• **Supplied data**
:::::

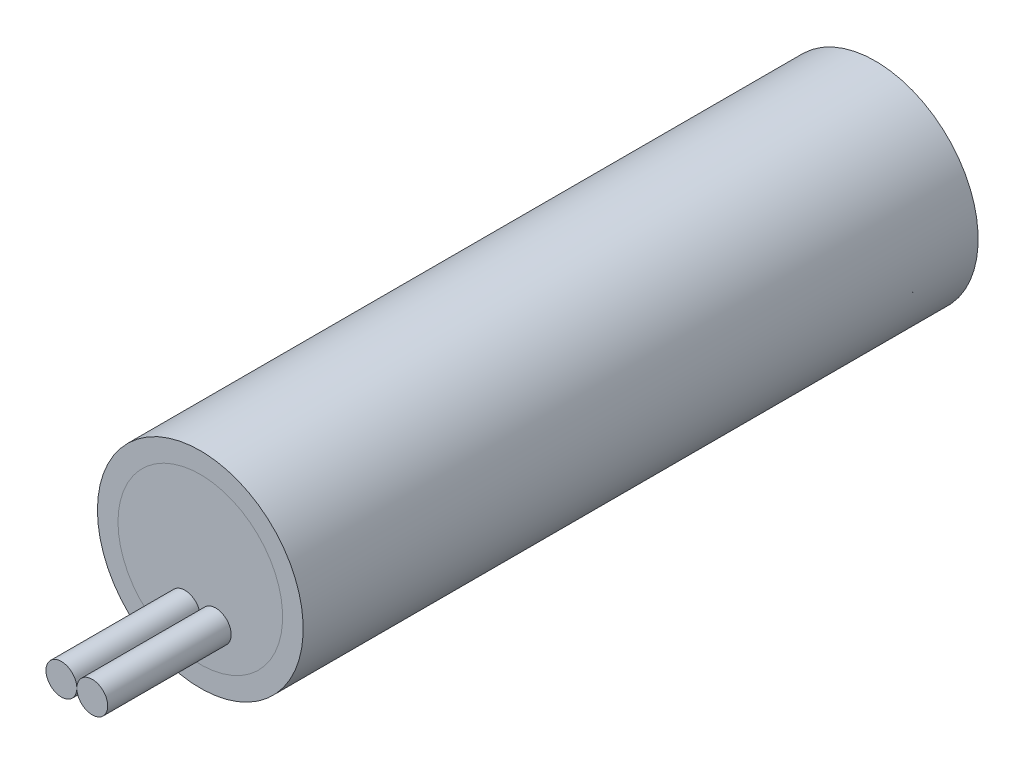
ISO-10303-21;
HEADER;
FILE_DESCRIPTION(('STEP AP214'),'2;1');
FILE_NAME('part.step','',(''),(''),'','','');
FILE_SCHEMA(('AUTOMOTIVE_DESIGN { 1 0 10303 214 1 1 1 1 }'));
ENDSEC;
DATA;
#1=APPLICATION_CONTEXT('core data for automotive mechanical design processes');
#2=APPLICATION_PROTOCOL_DEFINITION('international standard','automotive_design',2000,#1);
#3=PRODUCT_CONTEXT('',#1,'mechanical');
#4=PRODUCT('Part','Part','',(#3));
#5=PRODUCT_RELATED_PRODUCT_CATEGORY('part','',(#4));
#6=PRODUCT_DEFINITION_FORMATION('','',#4);
#7=PRODUCT_DEFINITION_CONTEXT('part definition',#1,'design');
#8=PRODUCT_DEFINITION('design','',#6,#7);
#9=PRODUCT_DEFINITION_SHAPE('','',#8);
#10=(LENGTH_UNIT() NAMED_UNIT(*) SI_UNIT(.MILLI.,.METRE.));
#11=(NAMED_UNIT(*) PLANE_ANGLE_UNIT() SI_UNIT($,.RADIAN.));
#12=(NAMED_UNIT(*) SI_UNIT($,.STERADIAN.) SOLID_ANGLE_UNIT());
#13=UNCERTAINTY_MEASURE_WITH_UNIT(LENGTH_MEASURE(1.E-05),#10,'distance_accuracy_value','');
#14=(GEOMETRIC_REPRESENTATION_CONTEXT(3) GLOBAL_UNCERTAINTY_ASSIGNED_CONTEXT((#13)) GLOBAL_UNIT_ASSIGNED_CONTEXT((#10,
#11,#12)) REPRESENTATION_CONTEXT('',''));
#15=CARTESIAN_POINT('',(0.,0.,0.));
#16=DIRECTION('',(0.,0.,1.));
#17=DIRECTION('',(1.,0.,0.));
#18=AXIS2_PLACEMENT_3D('',#15,#16,#17);
#19=CARTESIAN_POINT('',(0.,0.,0.));
#20=DIRECTION('',(0.,0.,1.));
#21=DIRECTION('',(1.,0.,0.));
#22=AXIS2_PLACEMENT_3D('',#19,#20,#21);
#23=PLANE('',#22);
#24=CARTESIAN_POINT('',(0.,0.,0.));
#25=DIRECTION('',(0.,0.,-1.));
#26=DIRECTION('',(1.,0.,0.));
#27=AXIS2_PLACEMENT_3D('',#24,#25,#26);
#28=CIRCLE('',#27,4.);
#29=CARTESIAN_POINT('',(-4.,0.,0.));
#30=VERTEX_POINT('',#29);
#31=EDGE_CURVE('P0_E48',#30,#30,#28,.T.);
#32=ORIENTED_EDGE('',*,*,#31,.F.);
#33=EDGE_LOOP('',(#32));
#34=FACE_BOUND('',#33,.T.);
#35=CARTESIAN_POINT('',(0.,0.,0.));
#36=DIRECTION('',(0.,0.,1.));
#37=DIRECTION('',(1.,0.,0.));
#38=AXIS2_PLACEMENT_3D('',#35,#36,#37);
#39=CIRCLE('',#38,5.);
#40=CARTESIAN_POINT('',(-5.,0.,0.));
#41=VERTEX_POINT('',#40);
#42=EDGE_CURVE('P0_E10',#41,#41,#39,.T.);
#43=ORIENTED_EDGE('',*,*,#42,.F.);
#44=EDGE_LOOP('',(#43));
#45=FACE_BOUND('',#44,.T.);
#46=ADVANCED_FACE('P0_F16',(#34,#45),#23,.F.);
#47=CARTESIAN_POINT('',(0.,0.,32.8));
#48=DIRECTION('',(0.,0.,1.));
#49=DIRECTION('',(1.,0.,0.));
#50=AXIS2_PLACEMENT_3D('',#47,#48,#49);
#51=PLANE('',#50);
#52=CARTESIAN_POINT('',(0.,0.,32.8));
#53=DIRECTION('',(0.,0.,-1.));
#54=DIRECTION('',(1.,0.,0.));
#55=AXIS2_PLACEMENT_3D('',#52,#53,#54);
#56=CIRCLE('',#55,4.);
#57=CARTESIAN_POINT('',(-4.,0.,32.8));
#58=VERTEX_POINT('',#57);
#59=EDGE_CURVE('P0_E55',#58,#58,#56,.T.);
#60=ORIENTED_EDGE('',*,*,#59,.T.);
#61=EDGE_LOOP('',(#60));
#62=FACE_BOUND('',#61,.T.);
#63=CARTESIAN_POINT('',(0.,0.,32.8));
#64=DIRECTION('',(0.,0.,1.));
#65=DIRECTION('',(1.,0.,0.));
#66=AXIS2_PLACEMENT_3D('',#63,#64,#65);
#67=CIRCLE('',#66,5.);
#68=CARTESIAN_POINT('',(-5.,0.,32.8));
#69=VERTEX_POINT('',#68);
#70=EDGE_CURVE('P0_E68',#69,#69,#67,.T.);
#71=ORIENTED_EDGE('',*,*,#70,.T.);
#72=EDGE_LOOP('',(#71));
#73=FACE_BOUND('',#72,.T.);
#74=ADVANCED_FACE('P0_F58',(#62,#73),#51,.T.);
#75=CARTESIAN_POINT('',(0.,0.,0.));
#76=DIRECTION('',(0.,0.,1.));
#77=DIRECTION('',(1.,0.,0.));
#78=AXIS2_PLACEMENT_3D('',#75,#76,#77);
#79=CYLINDRICAL_SURFACE('',#78,5.);
#80=ORIENTED_EDGE('',*,*,#70,.F.);
#81=DIRECTION('',(0.,0.,-1.));
#82=VECTOR('',#81,1.);
#83=CARTESIAN_POINT('',(-5.,0.,0.));
#84=LINE('',#83,#82);
#85=EDGE_CURVE('P0_E27',#69,#41,#84,.T.);
#86=ORIENTED_EDGE('',*,*,#85,.T.);
#87=ORIENTED_EDGE('',*,*,#42,.T.);
#88=ORIENTED_EDGE('',*,*,#85,.F.);
#89=EDGE_LOOP('',(#80,#86,#87,#88));
#90=FACE_BOUND('',#89,.T.);
#91=ADVANCED_FACE('P0_F18',(#90),#79,.T.);
#92=CARTESIAN_POINT('',(0.,0.,0.));
#93=DIRECTION('',(0.,0.,1.));
#94=DIRECTION('',(1.,0.,0.));
#95=AXIS2_PLACEMENT_3D('',#92,#93,#94);
#96=CYLINDRICAL_SURFACE('',#95,4.);
#97=ORIENTED_EDGE('',*,*,#59,.F.);
#98=DIRECTION('',(0.,0.,-1.));
#99=VECTOR('',#98,1.);
#100=CARTESIAN_POINT('',(-4.,0.,0.));
#101=LINE('',#100,#99);
#102=EDGE_CURVE('P0_E20',#58,#30,#101,.T.);
#103=ORIENTED_EDGE('',*,*,#102,.T.);
#104=ORIENTED_EDGE('',*,*,#31,.T.);
#105=ORIENTED_EDGE('',*,*,#102,.F.);
#106=EDGE_LOOP('',(#97,#103,#104,#105));
#107=FACE_BOUND('',#106,.T.);
#108=ADVANCED_FACE('P0_F54',(#107),#96,.F.);
#109=CLOSED_SHELL('',(#46,#74,#91,#108));
#110=MANIFOLD_SOLID_BREP('P0_B1',#109);
#111=CARTESIAN_POINT('',(0.,0.,32.8));
#112=DIRECTION('',(0.,0.,1.));
#113=DIRECTION('',(1.,0.,0.));
#114=AXIS2_PLACEMENT_3D('',#111,#112,#113);
#115=PLANE('',#114);
#116=CARTESIAN_POINT('',(0.,0.,32.8));
#117=DIRECTION('',(0.,0.,1.));
#118=DIRECTION('',(1.,0.,0.));
#119=AXIS2_PLACEMENT_3D('',#116,#117,#118);
#120=CIRCLE('',#119,4.);
#121=CARTESIAN_POINT('',(-4.,0.,32.8));
#122=VERTEX_POINT('',#121);
#123=EDGE_CURVE('P1_E147',#122,#122,#120,.T.);
#124=ORIENTED_EDGE('',*,*,#123,.T.);
#125=EDGE_LOOP('',(#124));
#126=FACE_BOUND('',#125,.T.);
#127=ADVANCED_FACE('P1_F17',(#126),#115,.T.);
#128=CARTESIAN_POINT('',(0.,0.,0.));
#129=DIRECTION('',(0.,0.,1.));
#130=DIRECTION('',(1.,0.,0.));
#131=AXIS2_PLACEMENT_3D('',#128,#129,#130);
#132=PLANE('',#131);
#133=CARTESIAN_POINT('',(0.,0.,0.));
#134=DIRECTION('',(0.,0.,1.));
#135=DIRECTION('',(0.,1.,0.));
#136=AXIS2_PLACEMENT_3D('',#133,#134,#135);
#137=CIRCLE('',#136,3.9);
#138=CARTESIAN_POINT('',(0.,3.9,0.));
#139=VERTEX_POINT('',#138);
#140=CARTESIAN_POINT('',(0.,-3.9,0.));
#141=VERTEX_POINT('',#140);
#142=EDGE_CURVE('P1_E28',#139,#141,#137,.T.);
#143=ORIENTED_EDGE('',*,*,#142,.T.);
#144=CARTESIAN_POINT('',(0.,0.,0.));
#145=DIRECTION('',(0.,0.,1.));
#146=DIRECTION('',(0.,1.,0.));
#147=AXIS2_PLACEMENT_3D('',#144,#145,#146);
#148=CIRCLE('',#147,3.9);
#149=EDGE_CURVE('P1_E11',#141,#139,#148,.T.);
#150=ORIENTED_EDGE('',*,*,#149,.T.);
#151=EDGE_LOOP('',(#143,#150));
#152=FACE_BOUND('',#151,.T.);
#153=CARTESIAN_POINT('',(0.,0.,0.));
#154=DIRECTION('',(0.,0.,1.));
#155=DIRECTION('',(1.,0.,0.));
#156=AXIS2_PLACEMENT_3D('',#153,#154,#155);
#157=CIRCLE('',#156,4.);
#158=CARTESIAN_POINT('',(4.,0.,0.));
#159=VERTEX_POINT('',#158);
#160=CARTESIAN_POINT('',(-4.,0.,0.));
#161=VERTEX_POINT('',#160);
#162=EDGE_CURVE('P1_E132',#159,#161,#157,.T.);
#163=ORIENTED_EDGE('',*,*,#162,.F.);
#164=CARTESIAN_POINT('',(0.,0.,0.));
#165=DIRECTION('',(0.,0.,1.));
#166=DIRECTION('',(1.,0.,0.));
#167=AXIS2_PLACEMENT_3D('',#164,#165,#166);
#168=CIRCLE('',#167,4.);
#169=EDGE_CURVE('P1_E139',#161,#159,#168,.T.);
#170=ORIENTED_EDGE('',*,*,#169,.F.);
#171=EDGE_LOOP('',(#163,#170));
#172=FACE_BOUND('',#171,.T.);
#173=ADVANCED_FACE('P1_F144',(#152,#172),#132,.F.);
#174=CARTESIAN_POINT('',(0.,0.,0.25));
#175=DIRECTION('',(0.,0.,-1.));
#176=DIRECTION('',(0.,1.,0.));
#177=AXIS2_PLACEMENT_3D('',#174,#175,#176);
#178=CONICAL_SURFACE('',#177,3.65,0.785398163397449);
#179=CARTESIAN_POINT('',(0.,0.,0.5));
#180=DIRECTION('',(0.,0.,-1.));
#181=DIRECTION('',(1.,0.,0.));
#182=AXIS2_PLACEMENT_3D('',#179,#180,#181);
#183=CIRCLE('',#182,3.4);
#184=CARTESIAN_POINT('',(-3.36303434416005,0.5,0.5));
#185=VERTEX_POINT('',#184);
#186=CARTESIAN_POINT('',(3.36303434416005,0.5,0.5));
#187=VERTEX_POINT('',#186);
#188=EDGE_CURVE('P1_E169',#185,#187,#183,.T.);
#189=ORIENTED_EDGE('',*,*,#188,.F.);
#190=CARTESIAN_POINT('',(0.,0.,0.5));
#191=DIRECTION('',(0.,0.,-1.));
#192=DIRECTION('',(1.,0.,0.));
#193=AXIS2_PLACEMENT_3D('',#190,#191,#192);
#194=CIRCLE('',#193,3.4);
#195=CARTESIAN_POINT('',(-3.36303434416005,-0.5,0.5));
#196=VERTEX_POINT('',#195);
#197=EDGE_CURVE('P1_E209',#196,#185,#194,.T.);
#198=ORIENTED_EDGE('',*,*,#197,.F.);
#199=CARTESIAN_POINT('',(0.,0.,0.5));
#200=DIRECTION('',(0.,0.,-1.));
#201=DIRECTION('',(1.,0.,0.));
#202=AXIS2_PLACEMENT_3D('',#199,#200,#201);
#203=CIRCLE('',#202,3.4);
#204=CARTESIAN_POINT('',(0.,-3.4,0.5));
#205=VERTEX_POINT('',#204);
#206=EDGE_CURVE('P1_E182',#205,#196,#203,.T.);
#207=ORIENTED_EDGE('',*,*,#206,.F.);
#208=DIRECTION('',(0.,-0.707106781186548,-0.707106781186547));
#209=VECTOR('',#208,1.);
#210=CARTESIAN_POINT('',(0.,-3.65,0.25));
#211=LINE('',#210,#209);
#212=EDGE_CURVE('P1_E278',#205,#141,#211,.T.);
#213=ORIENTED_EDGE('',*,*,#212,.T.);
#214=ORIENTED_EDGE('',*,*,#142,.F.);
#215=ORIENTED_EDGE('',*,*,#149,.F.);
#216=ORIENTED_EDGE('',*,*,#212,.F.);
#217=CARTESIAN_POINT('',(0.,0.,0.5));
#218=DIRECTION('',(0.,0.,-1.));
#219=DIRECTION('',(1.,0.,0.));
#220=AXIS2_PLACEMENT_3D('',#217,#218,#219);
#221=CIRCLE('',#220,3.4);
#222=CARTESIAN_POINT('',(3.36303434416005,-0.5,0.5));
#223=VERTEX_POINT('',#222);
#224=EDGE_CURVE('P1_E173',#223,#205,#221,.T.);
#225=ORIENTED_EDGE('',*,*,#224,.F.);
#226=CARTESIAN_POINT('',(0.,0.,0.5));
#227=DIRECTION('',(0.,0.,-1.));
#228=DIRECTION('',(1.,0.,0.));
#229=AXIS2_PLACEMENT_3D('',#226,#227,#228);
#230=CIRCLE('',#229,3.4);
#231=EDGE_CURVE('P1_E158',#187,#223,#230,.T.);
#232=ORIENTED_EDGE('',*,*,#231,.F.);
#233=EDGE_LOOP('',(#189,#198,#207,#213,#214,#215,#216,#225,#232));
#234=FACE_BOUND('',#233,.T.);
#235=ADVANCED_FACE('P1_F368',(#234),#178,.F.);
#236=CARTESIAN_POINT('',(0.,0.,1.2));
#237=DIRECTION('',(0.,0.,1.));
#238=DIRECTION('',(1.,0.,0.));
#239=AXIS2_PLACEMENT_3D('',#236,#237,#238);
#240=PLANE('',#239);
#241=CARTESIAN_POINT('',(0.,0.,1.2));
#242=DIRECTION('',(0.,0.,1.));
#243=DIRECTION('',(1.,0.,0.));
#244=AXIS2_PLACEMENT_3D('',#241,#242,#243);
#245=CIRCLE('',#244,1.5);
#246=CARTESIAN_POINT('',(-1.5,0.,1.2));
#247=VERTEX_POINT('',#246);
#248=EDGE_CURVE('P1_E200',#247,#247,#245,.T.);
#249=ORIENTED_EDGE('',*,*,#248,.F.);
#250=EDGE_LOOP('',(#249));
#251=FACE_BOUND('',#250,.T.);
#252=ADVANCED_FACE('P1_F523',(#251),#240,.F.);
#253=CARTESIAN_POINT('',(0.,0.,0.25));
#254=DIRECTION('',(0.,0.,1.));
#255=DIRECTION('',(0.,-1.,0.));
#256=AXIS2_PLACEMENT_3D('',#253,#254,#255);
#257=CONICAL_SURFACE('',#256,3.15,0.785398163397447);
#258=CARTESIAN_POINT('',(-3.36303434416005,-0.5,0.5));
#259=CARTESIAN_POINT('',(-3.08970512077148,-0.500000000000002,0.229642480729904));
#260=CARTESIAN_POINT('',(-2.85657137141714,-0.5,0.));
#261=(BOUNDED_CURVE() B_SPLINE_CURVE(2,(#258,#259,#260),.UNSPECIFIED.,.F.,
.F.) B_SPLINE_CURVE_WITH_KNOTS((3,3),(0.,0.0711691561271703),
.UNSPECIFIED.) CURVE() GEOMETRIC_REPRESENTATION_ITEM() RATIONAL_B_SPLINE_CURVE((1.,
1.0032470995596,1.)) REPRESENTATION_ITEM(''));
#262=CARTESIAN_POINT('',(-2.85657137141714,-0.5,0.));
#263=VERTEX_POINT('',#262);
#264=EDGE_CURVE('P1_E287',#196,#263,#261,.T.);
#265=ORIENTED_EDGE('',*,*,#264,.T.);
#266=CARTESIAN_POINT('',(0.,0.,0.));
#267=DIRECTION('',(0.,0.,-1.));
#268=DIRECTION('',(0.,1.,0.));
#269=AXIS2_PLACEMENT_3D('',#266,#267,#268);
#270=CIRCLE('',#269,2.9);
#271=CARTESIAN_POINT('',(2.85657137141714,-0.5,0.));
#272=VERTEX_POINT('',#271);
#273=EDGE_CURVE('P1_E162',#272,#263,#270,.T.);
#274=ORIENTED_EDGE('',*,*,#273,.F.);
#275=CARTESIAN_POINT('',(2.85657137141714,-0.5,0.));
#276=CARTESIAN_POINT('',(3.08970512077148,-0.500000000000002,0.229642480729904));
#277=CARTESIAN_POINT('',(3.36303434416005,-0.5,0.5));
#278=(BOUNDED_CURVE() B_SPLINE_CURVE(2,(#275,#276,#277),.UNSPECIFIED.,.F.,
.F.) B_SPLINE_CURVE_WITH_KNOTS((3,3),(0.,0.0711691561271703),
.UNSPECIFIED.) CURVE() GEOMETRIC_REPRESENTATION_ITEM() RATIONAL_B_SPLINE_CURVE((1.,
1.0032470995596,1.)) REPRESENTATION_ITEM(''));
#279=EDGE_CURVE('P1_E213',#272,#223,#278,.T.);
#280=ORIENTED_EDGE('',*,*,#279,.T.);
#281=ORIENTED_EDGE('',*,*,#224,.T.);
#282=ORIENTED_EDGE('',*,*,#206,.T.);
#283=EDGE_LOOP('',(#265,#274,#280,#281,#282));
#284=FACE_BOUND('',#283,.T.);
#285=ADVANCED_FACE('P1_F373',(#284),#257,.T.);
#286=CARTESIAN_POINT('',(0.,0.,0.25));
#287=DIRECTION('',(0.,0.,1.));
#288=DIRECTION('',(0.,1.,0.));
#289=AXIS2_PLACEMENT_3D('',#286,#287,#288);
#290=CONICAL_SURFACE('',#289,3.15,0.785398163397447);
#291=CARTESIAN_POINT('',(-2.85657137141714,0.5,0.));
#292=CARTESIAN_POINT('',(-3.08970512078075,0.499999999999998,0.229642480739052));
#293=CARTESIAN_POINT('',(-3.36303434416005,0.5,0.5));
#294=(BOUNDED_CURVE() B_SPLINE_CURVE(2,(#291,#292,#293),.UNSPECIFIED.,.F.,
.F.) B_SPLINE_CURVE_WITH_KNOTS((3,3),(0.,0.0711691561271703),
.UNSPECIFIED.) CURVE() GEOMETRIC_REPRESENTATION_ITEM() RATIONAL_B_SPLINE_CURVE((1.,
1.00324709955416,1.)) REPRESENTATION_ITEM(''));
#295=CARTESIAN_POINT('',(-2.85657137141714,0.5,0.));
#296=VERTEX_POINT('',#295);
#297=EDGE_CURVE('P1_E272',#296,#185,#294,.T.);
#298=ORIENTED_EDGE('',*,*,#297,.T.);
#299=ORIENTED_EDGE('',*,*,#188,.T.);
#300=CARTESIAN_POINT('',(3.36303434416005,0.5,0.5));
#301=CARTESIAN_POINT('',(3.08970512078075,0.499999999999998,0.229642480739052));
#302=CARTESIAN_POINT('',(2.85657137141714,0.5,0.));
#303=(BOUNDED_CURVE() B_SPLINE_CURVE(2,(#300,#301,#302),.UNSPECIFIED.,.F.,
.F.) B_SPLINE_CURVE_WITH_KNOTS((3,3),(0.,0.0711691561271703),
.UNSPECIFIED.) CURVE() GEOMETRIC_REPRESENTATION_ITEM() RATIONAL_B_SPLINE_CURVE((1.,
1.00324709955416,1.)) REPRESENTATION_ITEM(''));
#304=CARTESIAN_POINT('',(2.85657137141714,0.5,0.));
#305=VERTEX_POINT('',#304);
#306=EDGE_CURVE('P1_E154',#187,#305,#303,.T.);
#307=ORIENTED_EDGE('',*,*,#306,.T.);
#308=CARTESIAN_POINT('',(0.,0.,0.));
#309=DIRECTION('',(0.,0.,-1.));
#310=DIRECTION('',(0.,1.,0.));
#311=AXIS2_PLACEMENT_3D('',#308,#309,#310);
#312=CIRCLE('',#311,2.9);
#313=EDGE_CURVE('P1_E142',#296,#305,#312,.T.);
#314=ORIENTED_EDGE('',*,*,#313,.F.);
#315=EDGE_LOOP('',(#298,#299,#307,#314));
#316=FACE_BOUND('',#315,.T.);
#317=ADVANCED_FACE('P1_F511',(#316),#290,.T.);
#318=CARTESIAN_POINT('',(0.,0.,0.));
#319=DIRECTION('',(0.,0.,1.));
#320=DIRECTION('',(1.,0.,0.));
#321=AXIS2_PLACEMENT_3D('',#318,#319,#320);
#322=PLANE('',#321);
#323=CARTESIAN_POINT('',(0.,0.,0.));
#324=DIRECTION('',(0.,0.,-1.));
#325=DIRECTION('',(1.,0.,0.));
#326=AXIS2_PLACEMENT_3D('',#323,#324,#325);
#327=CIRCLE('',#326,1.7);
#328=CARTESIAN_POINT('',(1.62480768092719,-0.5,0.));
#329=VERTEX_POINT('',#328);
#330=CARTESIAN_POINT('',(-1.62480768092719,-0.5,0.));
#331=VERTEX_POINT('',#330);
#332=EDGE_CURVE('P1_E225',#329,#331,#327,.T.);
#333=ORIENTED_EDGE('',*,*,#332,.F.);
#334=DIRECTION('',(1.,0.,0.));
#335=VECTOR('',#334,1.);
#336=CARTESIAN_POINT('',(-1.68151717208002,-0.5,0.));
#337=LINE('',#336,#335);
#338=EDGE_CURVE('P1_E267',#329,#272,#337,.T.);
#339=ORIENTED_EDGE('',*,*,#338,.T.);
#340=ORIENTED_EDGE('',*,*,#273,.T.);
#341=DIRECTION('',(1.,0.,0.));
#342=VECTOR('',#341,1.);
#343=CARTESIAN_POINT('',(-1.68151717208002,-0.5,0.));
#344=LINE('',#343,#342);
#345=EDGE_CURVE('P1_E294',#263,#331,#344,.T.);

:::::

• **Exercise directions**
Find the line with "#152=FACE_BOUND('',#151,.T.);" in the material above. Reproduce it and each line after it up to and including the line with "#162=EDGE_CURVE('P1_E132',#159,#161,#157,.T.);".

• **Solved problem**
#152=FACE_BOUND('',#151,.T.);
#153=CARTESIAN_POINT('',(0.,0.,0.));
#154=DIRECTION('',(0.,0.,1.));
#155=DIRECTION('',(1.,0.,0.));
#156=AXIS2_PLACEMENT_3D('',#153,#154,#155);
#157=CIRCLE('',#156,4.);
#158=CARTESIAN_POINT('',(4.,0.,0.));
#159=VERTEX_POINT('',#158);
#160=CARTESIAN_POINT('',(-4.,0.,0.));
#161=VERTEX_POINT('',#160);
#162=EDGE_CURVE('P1_E132',#159,#161,#157,.T.);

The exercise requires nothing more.